Now this allows you to understand exactly the game properties. And let’s do an example. For fun let’s do a couple of examples. In fact, let’s start with this. Suppose the singular values are 5, 4, and 0.01, there’s your singular values. What does the image of the unit ball look like? What does it look like?

**Student:**[Inaudible].

**Instructor (Stephen Boyd)**:It’s a pancake. Exactly! Slightly oblong pancake, but it’s a pancake for sure. Everybody agree with that? And this says something like this. There is an input plane, let’s say it’s a mapping from R three to R three, it says there’s an input plane, which is a plane where this thing kind of has a high-gain, like between four and five, and another gain, you might even call V three, you might even call that like an almost null space, because while AV three is not zero, that would qualify for full no space membership. It is not zero. But it comes out attenuated by a factor of 100. Okay. So it’s something like almost a null space.
In fact, this is exactly the kind of ideas you want to have when you do this.

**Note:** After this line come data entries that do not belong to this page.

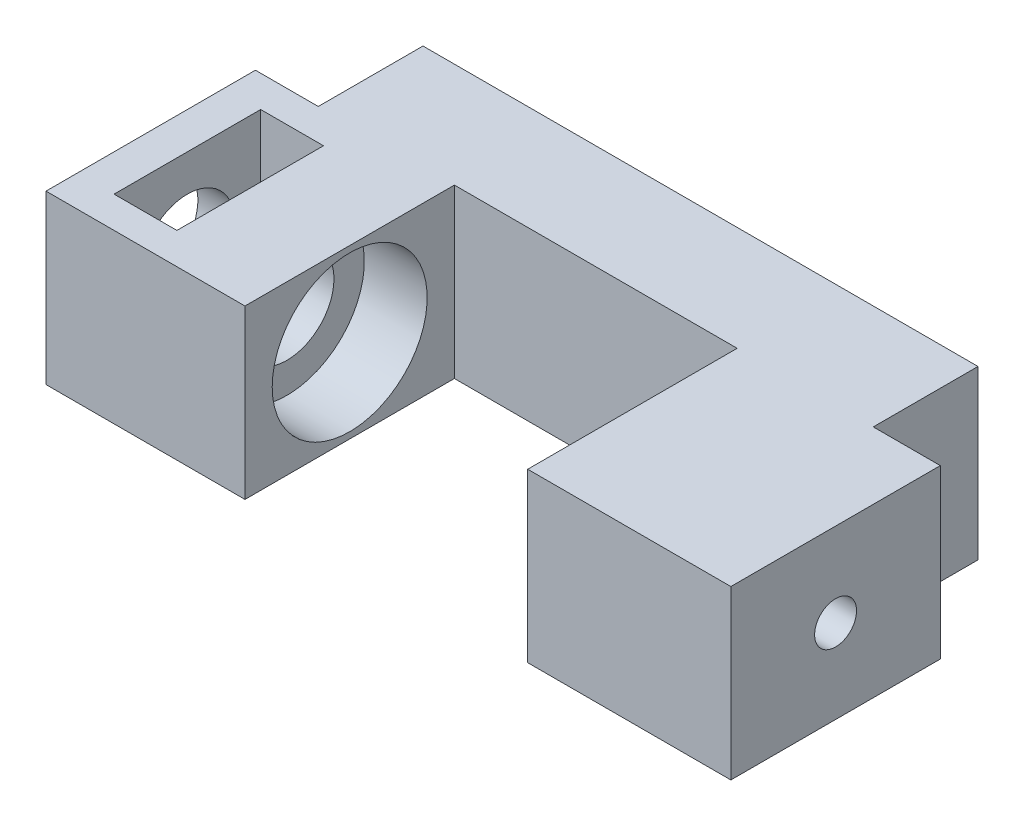
ISO-10303-21;
HEADER;
FILE_DESCRIPTION(('STEP AP214'),'2;1');
FILE_NAME('part.step','',(''),(''),'','','');
FILE_SCHEMA(('AUTOMOTIVE_DESIGN { 1 0 10303 214 1 1 1 1 }'));
ENDSEC;
DATA;
#1=APPLICATION_CONTEXT('core data for automotive mechanical design processes');
#2=APPLICATION_PROTOCOL_DEFINITION('international standard','automotive_design',2000,#1);
#3=PRODUCT_CONTEXT('',#1,'mechanical');
#4=PRODUCT('Part','Part','',(#3));
#5=PRODUCT_RELATED_PRODUCT_CATEGORY('part','',(#4));
#6=PRODUCT_DEFINITION_FORMATION('','',#4);
#7=PRODUCT_DEFINITION_CONTEXT('part definition',#1,'design');
#8=PRODUCT_DEFINITION('design','',#6,#7);
#9=PRODUCT_DEFINITION_SHAPE('','',#8);
#10=(LENGTH_UNIT() NAMED_UNIT(*) SI_UNIT(.MILLI.,.METRE.));
#11=(NAMED_UNIT(*) PLANE_ANGLE_UNIT() SI_UNIT($,.RADIAN.));
#12=(NAMED_UNIT(*) SI_UNIT($,.STERADIAN.) SOLID_ANGLE_UNIT());
#13=UNCERTAINTY_MEASURE_WITH_UNIT(LENGTH_MEASURE(1.E-05),#10,'distance_accuracy_value','');
#14=(GEOMETRIC_REPRESENTATION_CONTEXT(3) GLOBAL_UNCERTAINTY_ASSIGNED_CONTEXT((#13)) GLOBAL_UNIT_ASSIGNED_CONTEXT((#10,
#11,#12)) REPRESENTATION_CONTEXT('',''));
#15=CARTESIAN_POINT('',(0.,0.,0.));
#16=DIRECTION('',(0.,0.,1.));
#17=DIRECTION('',(1.,0.,0.));
#18=AXIS2_PLACEMENT_3D('',#15,#16,#17);
#19=CARTESIAN_POINT('',(-0.249999999999827,40.,-100.));
#20=DIRECTION('',(-1.,0.,0.));
#21=DIRECTION('',(0.,0.,1.));
#22=AXIS2_PLACEMENT_3D('',#19,#20,#21);
#23=CYLINDRICAL_SURFACE('',#22,2.25);
#24=CARTESIAN_POINT('',(-11.5,40.,-100.));
#25=DIRECTION('',(1.,0.,0.));
#26=DIRECTION('',(0.,0.,-1.));
#27=AXIS2_PLACEMENT_3D('',#24,#25,#26);
#28=CIRCLE('',#27,2.25);
#29=CARTESIAN_POINT('',(-11.5,40.,-102.25));
#30=VERTEX_POINT('',#29);
#31=EDGE_CURVE('E207',#30,#30,#28,.F.);
#32=ORIENTED_EDGE('',*,*,#31,.T.);
#33=EDGE_LOOP('',(#32));
#34=FACE_BOUND('',#33,.T.);
#35=CARTESIAN_POINT('',(-9.75000000000021,40.,-100.));
#36=DIRECTION('',(1.,0.,0.));
#37=DIRECTION('',(0.,0.,-1.));
#38=AXIS2_PLACEMENT_3D('',#35,#36,#37);
#39=CIRCLE('',#38,2.25);
#40=CARTESIAN_POINT('',(-9.75000000000021,40.,-102.25));
#41=VERTEX_POINT('',#40);
#42=EDGE_CURVE('E242',#41,#41,#39,.F.);
#43=ORIENTED_EDGE('',*,*,#42,.F.);
#44=EDGE_LOOP('',(#43));
#45=FACE_BOUND('',#44,.T.);
#46=ADVANCED_FACE('F33',(#34,#45),#23,.F.);
#47=CARTESIAN_POINT('',(-14.5,40.,-100.));
#48=DIRECTION('',(-1.,0.,0.));
#49=DIRECTION('',(0.,0.,1.));
#50=AXIS2_PLACEMENT_3D('',#47,#48,#49);
#51=CIRCLE('',#50,2.25);
#52=CARTESIAN_POINT('',(-14.5,40.,-97.75));
#53=VERTEX_POINT('',#52);
#54=EDGE_CURVE('E199',#53,#53,#51,.F.);
#55=ORIENTED_EDGE('',*,*,#54,.T.);
#56=EDGE_LOOP('',(#55));
#57=FACE_BOUND('',#56,.T.);
#58=CARTESIAN_POINT('',(-16.2499999999998,40.,-100.));
#59=DIRECTION('',(-1.,0.,0.));
#60=DIRECTION('',(0.,0.,1.));
#61=AXIS2_PLACEMENT_3D('',#58,#59,#60);
#62=CIRCLE('',#61,2.25);
#63=CARTESIAN_POINT('',(-16.2499999999998,40.,-97.75));
#64=VERTEX_POINT('',#63);
#65=EDGE_CURVE('E210',#64,#64,#62,.T.);
#66=ORIENTED_EDGE('',*,*,#65,.T.);
#67=EDGE_LOOP('',(#66));
#68=FACE_BOUND('',#67,.T.);
#69=ADVANCED_FACE('F333',(#57,#68),#23,.F.);
#70=CARTESIAN_POINT('',(-13.25,44.,-105.));
#71=DIRECTION('',(-1.,0.,0.));
#72=DIRECTION('',(0.,0.,1.));
#73=AXIS2_PLACEMENT_3D('',#70,#71,#72);
#74=PLANE('',#73);
#75=DIRECTION('',(0.,-1.,0.));
#76=VECTOR('',#75,1.);
#77=CARTESIAN_POINT('',(-13.2499999999998,44.,-105.));
#78=LINE('',#77,#76);
#79=CARTESIAN_POINT('',(-13.25,44.,-105.));
#80=VERTEX_POINT('',#79);
#81=CARTESIAN_POINT('',(-13.2499999999998,36.,-105.));
#82=VERTEX_POINT('',#81);
#83=EDGE_CURVE('E213',#80,#82,#78,.T.);
#84=ORIENTED_EDGE('',*,*,#83,.F.);
#85=DIRECTION('',(0.,0.,-1.));
#86=VECTOR('',#85,1.);
#87=CARTESIAN_POINT('',(-13.25,44.,-110.));
#88=LINE('',#87,#86);
#89=CARTESIAN_POINT('',(-13.25,44.,-110.));
#90=VERTEX_POINT('',#89);
#91=EDGE_CURVE('E266',#80,#90,#88,.T.);
#92=ORIENTED_EDGE('',*,*,#91,.T.);
#93=DIRECTION('',(0.,-1.,0.));
#94=VECTOR('',#93,1.);
#95=CARTESIAN_POINT('',(-13.25,44.,-110.));
#96=LINE('',#95,#94);
#97=CARTESIAN_POINT('',(-13.25,36.,-110.));
#98=VERTEX_POINT('',#97);
#99=EDGE_CURVE('E286',#90,#98,#96,.T.);
#100=ORIENTED_EDGE('',*,*,#99,.T.);
#101=DIRECTION('',(0.,0.,-1.));
#102=VECTOR('',#101,1.);
#103=CARTESIAN_POINT('',(-13.25,36.,-110.));
#104=LINE('',#103,#102);
#105=EDGE_CURVE('E248',#82,#98,#104,.T.);
#106=ORIENTED_EDGE('',*,*,#105,.F.);
#107=EDGE_LOOP('',(#84,#92,#100,#106));
#108=FACE_BOUND('',#107,.T.);
#109=ADVANCED_FACE('F361',(#108),#74,.T.);
#110=CARTESIAN_POINT('',(-13.25,44.,-95.));
#111=DIRECTION('',(0.,0.,1.));
#112=DIRECTION('',(1.,0.,0.));
#113=AXIS2_PLACEMENT_3D('',#110,#111,#112);
#114=PLANE('',#113);
#115=DIRECTION('',(-1.,0.,0.));
#116=VECTOR('',#115,1.);
#117=CARTESIAN_POINT('',(-13.25,44.,-95.));
#118=LINE('',#117,#116);
#119=CARTESIAN_POINT('',(-6.75,44.,-95.));
#120=VERTEX_POINT('',#119);
#121=CARTESIAN_POINT('',(-16.2499999999998,44.,-95.));
#122=VERTEX_POINT('',#121);
#123=EDGE_CURVE('E284',#120,#122,#118,.T.);
#124=ORIENTED_EDGE('',*,*,#123,.T.);
#125=DIRECTION('',(0.,1.,0.));
#126=VECTOR('',#125,1.);
#127=CARTESIAN_POINT('',(-16.2499999999998,44.,-95.));
#128=LINE('',#127,#126);
#129=CARTESIAN_POINT('',(-16.2499999999998,36.,-95.));
#130=VERTEX_POINT('',#129);
#131=EDGE_CURVE('E214',#130,#122,#128,.T.);
#132=ORIENTED_EDGE('',*,*,#131,.F.);
#133=DIRECTION('',(-1.,0.,0.));
#134=VECTOR('',#133,1.);
#135=CARTESIAN_POINT('',(-13.25,36.,-95.));
#136=LINE('',#135,#134);
#137=CARTESIAN_POINT('',(-6.75,36.,-95.));
#138=VERTEX_POINT('',#137);
#139=EDGE_CURVE('E264',#138,#130,#136,.T.);
#140=ORIENTED_EDGE('',*,*,#139,.F.);
#141=DIRECTION('',(0.,-1.,0.));
#142=VECTOR('',#141,1.);
#143=CARTESIAN_POINT('',(-6.75,44.,-95.));
#144=LINE('',#143,#142);
#145=EDGE_CURVE('E287',#120,#138,#144,.T.);
#146=ORIENTED_EDGE('',*,*,#145,.F.);
#147=EDGE_LOOP('',(#124,#132,#140,#146));
#148=FACE_BOUND('',#147,.T.);
#149=ADVANCED_FACE('F369',(#148),#114,.T.);
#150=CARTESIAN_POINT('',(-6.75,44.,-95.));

In fact, you’ll find that all of these ideas about null space, range, all that stuff, it’s wonderful, you have to understand all of it. However, in practice, these things are quite useless and quite silly, very silly, and very useless. What the SVD will do is it will give you quantitative ways of talking intelligently in the context of some application about things like null spaces, and ranges, and things like that. So here the range of this matrix is R three. It’s on two period. Up until, maybe, the third week of the class it’s on two period.
Now, in this context, depending on you know the details of the application, you could say that matrix actually has a range which is two dimensional. It’s a lie. It has a three-dimensional range. But it’s third direction is so feeble, the gain is so feeble, that, again, depending on the context, you might say for practical purposes that matrix is rank two. Okay. So this is what this is going to allow you to do. We’ll see a lot of examples of this so this will become clear. Okay. So that’s the pancake.
What’s this? What’s the image? If the singular values were 5, 4, 3.9, what would the image look like? Just roughly.

**Student:**[Inaudible].

**Instructor (Stephen Boyd)**:Egg, sure. Yeah. Maybe not even quite an egg. No, maybe an egg, I don’t know. Something like an egg, right. So basically it says that there’s one cross section that looks kind of like an egg. Maybe not even as much as a football or something like that, but an egg. That’s that. Okay. How about this?

**Student:**[Inaudible].

**Instructor (Stephen Boyd)**:It’s what?

**Student:**[Inaudible].

**Instructor (Stephen Boyd)**:A cigarette toothpick. Okay. I’ll take toothpick. Maybe I miss heard that. Did someone say cigarette? Okay. Yeah. No. I’ll take toothpick. Yeah. So it’s a toothpick. That’s what that is. And basically, actually, what you can say is, we’ll see this quite precisely soon, you can actually say in this case that matrix is nearly rank one, depending on the application. I want to stress that. Matrix is nearly rank one depending on the application. So I want to stress that. So that’s the idea. Okay.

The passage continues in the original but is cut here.